The Peugeot 205 mardi gras 1994 *SINGLE SHEET* brochure??


----------



## whatknot (16 Jul 2021)

Now that might be a profitable line, as they discontinued their catalogue a while back ;-) 

Perhaps more valuable than a brand new Axminster catalogue




okeydokey said:


> If it helps anyone I can access a supply of new and in pristine condition current Argos Catalogues (full colour) if anyone's interested (and to save postage) collection can be arranged at your local Argos store. BTW Ive not listed on an auction site yet


----------



## TRITON (19 Jul 2021)

Bristol_Rob said:


> Maybe a money laundering scheme or drug dealer.
> Very sketchy...


Money laundering ??, at £39.99 a time


----------



## jcassidy (19 Jul 2021)

Wow there must be some underworld market in car brochure porn of which we are totally unaware. The other buyers/sellers in his feedback are doing the same thing. I wonder if we missed out on another career as purveyors of car brochure porn. Do you think they have secret meetings in pub backrooms to stare at the latest Jaguar brochures?

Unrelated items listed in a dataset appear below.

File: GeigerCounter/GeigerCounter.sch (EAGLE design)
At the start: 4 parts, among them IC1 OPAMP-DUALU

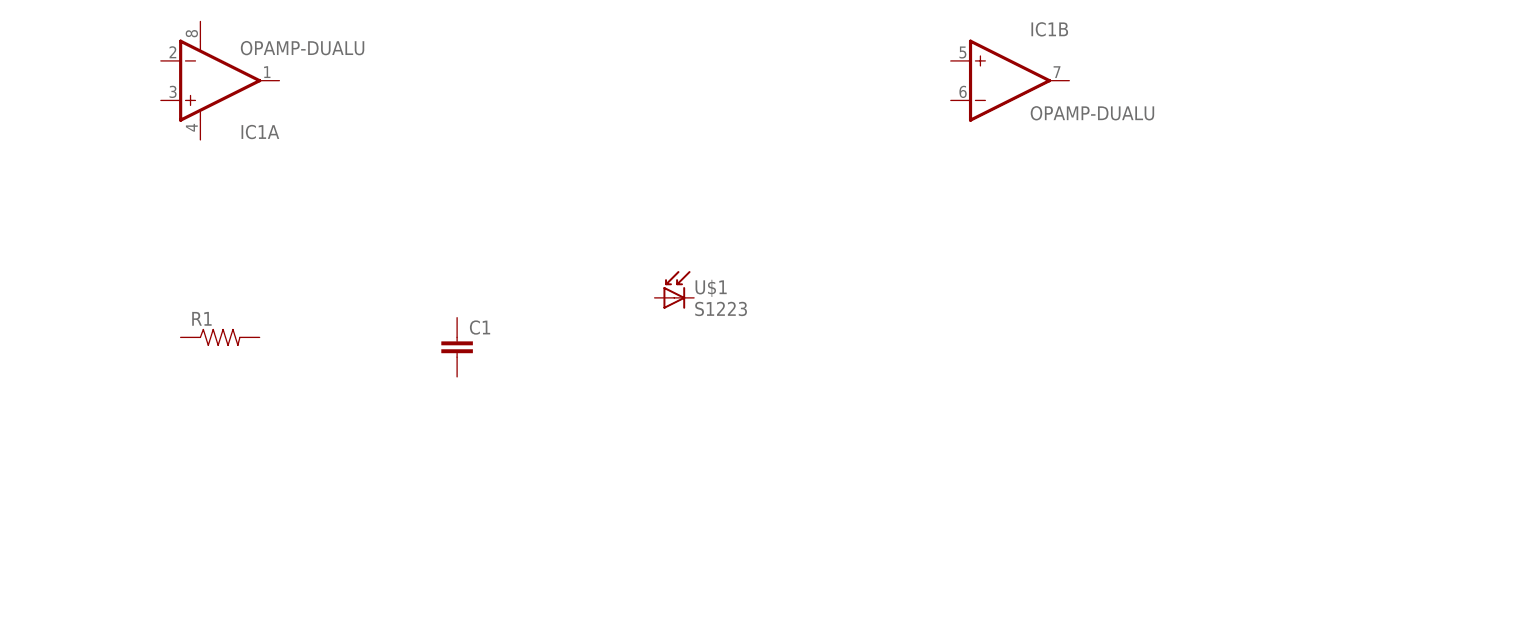
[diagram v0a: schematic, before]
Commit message: Added a new library part for the connector I will be using.
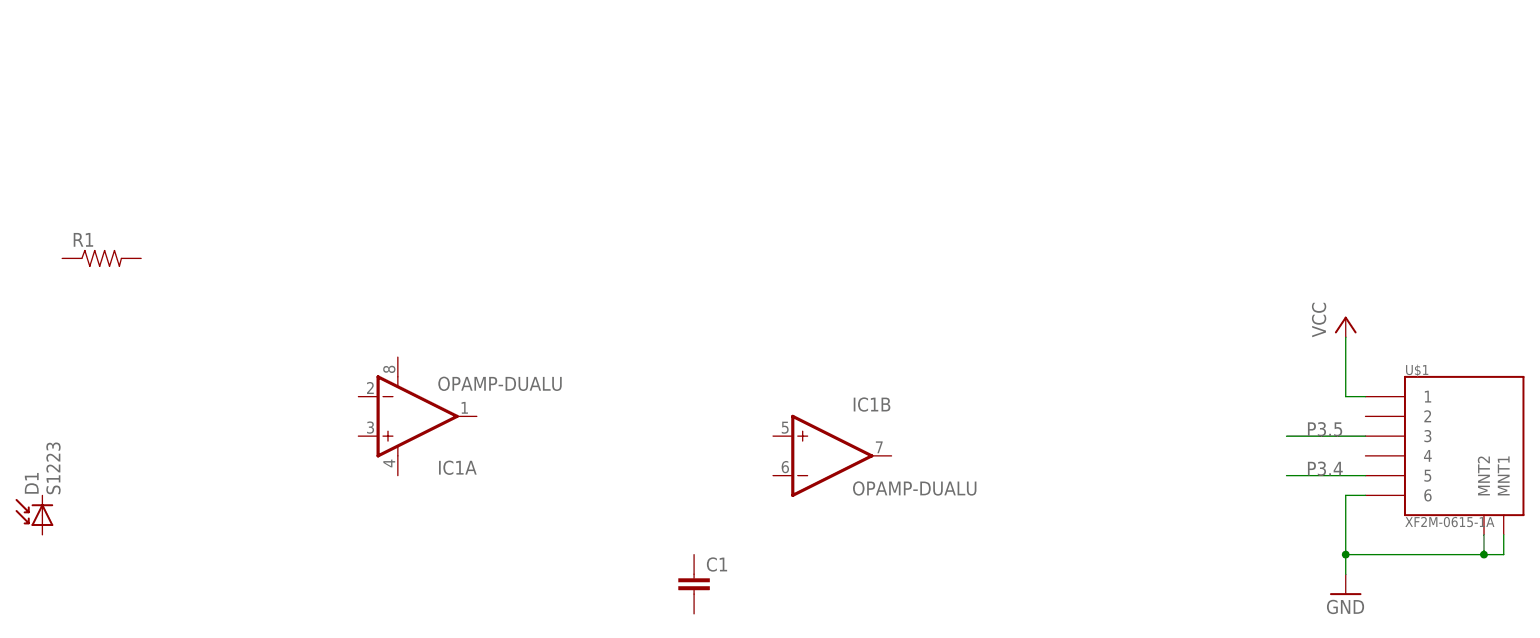
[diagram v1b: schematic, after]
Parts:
- added D1: S1223, GeigerCounter:S1223
- U$1: value S1223 -> XF2M-0615-1A; device GeigerCounter:S1223 -> GeigerCounter:XF2M-0615-1A
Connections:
- new net GND: U$1.6, U$1.MNT1, U$1.MNT2
- new net P3.4: U$1.5
- new net P3.5: U$1.3
- new net VCC: U$1.1
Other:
- moved on the sheet: C1, IC1A, IC1B, R1
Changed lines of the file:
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@@
 <part name="R1" library="SparkFun-Passives" deviceset="RESISTOR" device="AXIAL-0.3"/>
 <part name="C1" library="SparkFun-Passives" deviceset="CAP" device="PTH2"/>
-<part name="U$1" library="GeigerCounter" deviceset="S1223" device=""/>
+<part name="D1" library="GeigerCounter" deviceset="S1223" device=""/>
+<part name="GND1" library="supply1" deviceset="GND" device=""/>
+<part name="P+1" library="supply1" deviceset="VCC" device=""/>
+<part name="U$1" library="GeigerCounter" deviceset="XF2M-0615-1A" device=""/>
 </parts>
 <sheets>
@@
 </plain>
 <instances>
-<instance part="IC1" gate="A" x="35.56" y="66.04"/>
-<instance part="IC1" gate="B" x="139.7" y="66.04"/>
-<instance part="R1" gate="G$1" x="38.1" y="33.02"/>
-<instance part="C1" gate="G$1" x="68.58" y="30.48"/>
-<instance part="U$1" gate="G$1" x="96.52" y="38.1"/>
+<instance part="IC1" gate="A" x="60.96" y="22.86"/>
+<instance part="IC1" gate="B" x="116.84" y="17.78"/>
+<instance part="R1" gate="G$1" x="22.86" y="43.18"/>
+<instance part="C1" gate="G$1" x="99.06" y="0"/>
+<instance part="D1" gate="D$1" x="15.24" y="10.16" rot="R90"/>
+<instance part="GND1" gate="1" x="182.88" y="0"/>
+<instance part="P+1" gate="VCC" x="182.88" y="35.56"/>
+<instance part="U$1" gate="P$1" x="190.5" y="12.7"/>
 </instances>
 <busses>
 </busses>
 <nets>
+<net name="VCC" class="0">
+<segment>
+<pinref part="P+1" gate="VCC" pin="VCC"/>
+<wire x1="182.88" y1="33.02" x2="182.88" y2="25.4" width="0.1524" layer="91"/>
+<pinref part="U$1" gate="P$1" pin="1"/>
+<wire x1="182.88" y1="25.4" x2="185.42" y2="25.4" width="0.1524" layer="91"/>
+</segment>
+</net>
+<net name="GND" class="0">
+<segment>
+<pinref part="U$1" gate="P$1" pin="6"/>
+<wire x1="185.42" y1="12.7" x2="182.88" y2="12.7" width="0.1524" layer="91"/>
+<pinref part="GND1" gate="1" pin="GND"/>
+<wire x1="182.88" y1="12.7" x2="182.88" y2="5.08" width="0.1524" layer="91"/>
+<pinref part="U$1" gate="P$1" pin="MNT2"/>
+<wire x1="182.88" y1="5.08" x2="182.88" y2="2.54" width="0.1524" layer="91"/>
+<wire x1="182.88" y1="5.08" x2="200.66" y2="5.08" width="0.1524" layer="91"/>
+<wire x1="200.66" y1="5.08" x2="200.66" y2="7.62" width="0.1524" layer="91"/>
+<junction x="182.88" y="5.08"/>
+<pinref part="U$1" gate="P$1" pin="MNT1"/>
+<wire x1="200.66" y1="5.08" x2="203.2" y2="5.08" width="0.1524" layer="91"/>
+<wire x1="203.2" y1="5.08" x2="203.2" y2="7.62" width="0.1524" layer="91"/>
+<junction x="200.66" y="5.08"/>
+</segment>
+</net>
+<net name="P3.5" class="0">
+<segment>
+<pinref part="U$1" gate="P$1" pin="3"/>
+<wire x1="185.42" y1="20.32" x2="175.26" y2="20.32" width="0.1524" layer="91"/>
+<label x="177.8" y="20.32" size="1.778" layer="95"/>
+</segment>
+</net>
+<net name="P3.4" class="0">
+<segment>
+<pinref part="U$1" gate="P$1" pin="5"/>
+<wire x1="185.42" y1="15.24" x2="175.26" y2="15.24" width="0.1524" layer="91"/>
+<label x="177.8" y="15.24" size="1.778" layer="95"/>
+</segment>
+</net>
 </nets>
 </sheet>

Or it's money laundering on a small scale... you'd have to shift a significant number of brochures at £34 a pop to make a dent in your average drug lord's cash pile....


----------



## Bristol_Rob (19 Jul 2021)

TRITON said:


> Money laundering ??, at £39.99 a time


Why not?
It's instant buy - not an auction.


----------



## paulrbarnard (19 Jul 2021)

There is a massive buying and selling of all manner of catalogues and brochures. Many are very collectible. Even the ones ‘we’ might consider unworthy of consideration. 

The owner of a restored car might pay a lot for an original owners manual or sales brochure. In years to come the person restoring an Axminster band saw might very well love to have a copy of the Axminster catalog listing it new. 

The seller here might be a bit ahead of the game from our perspective but nothing ventured nothing gained as they say. The great feature of sales like this is you don’t have to buy.


----------



## danst96 (19 Jul 2021)

The fellow came back and very politely explained no tools are included in the sale and it is indeed only for the catalog


----------



## Terry - Somerset (19 Jul 2021)

In not many years paper catalogues will be as common as shopping lists written with quill pens on parchment - a valued piece of history.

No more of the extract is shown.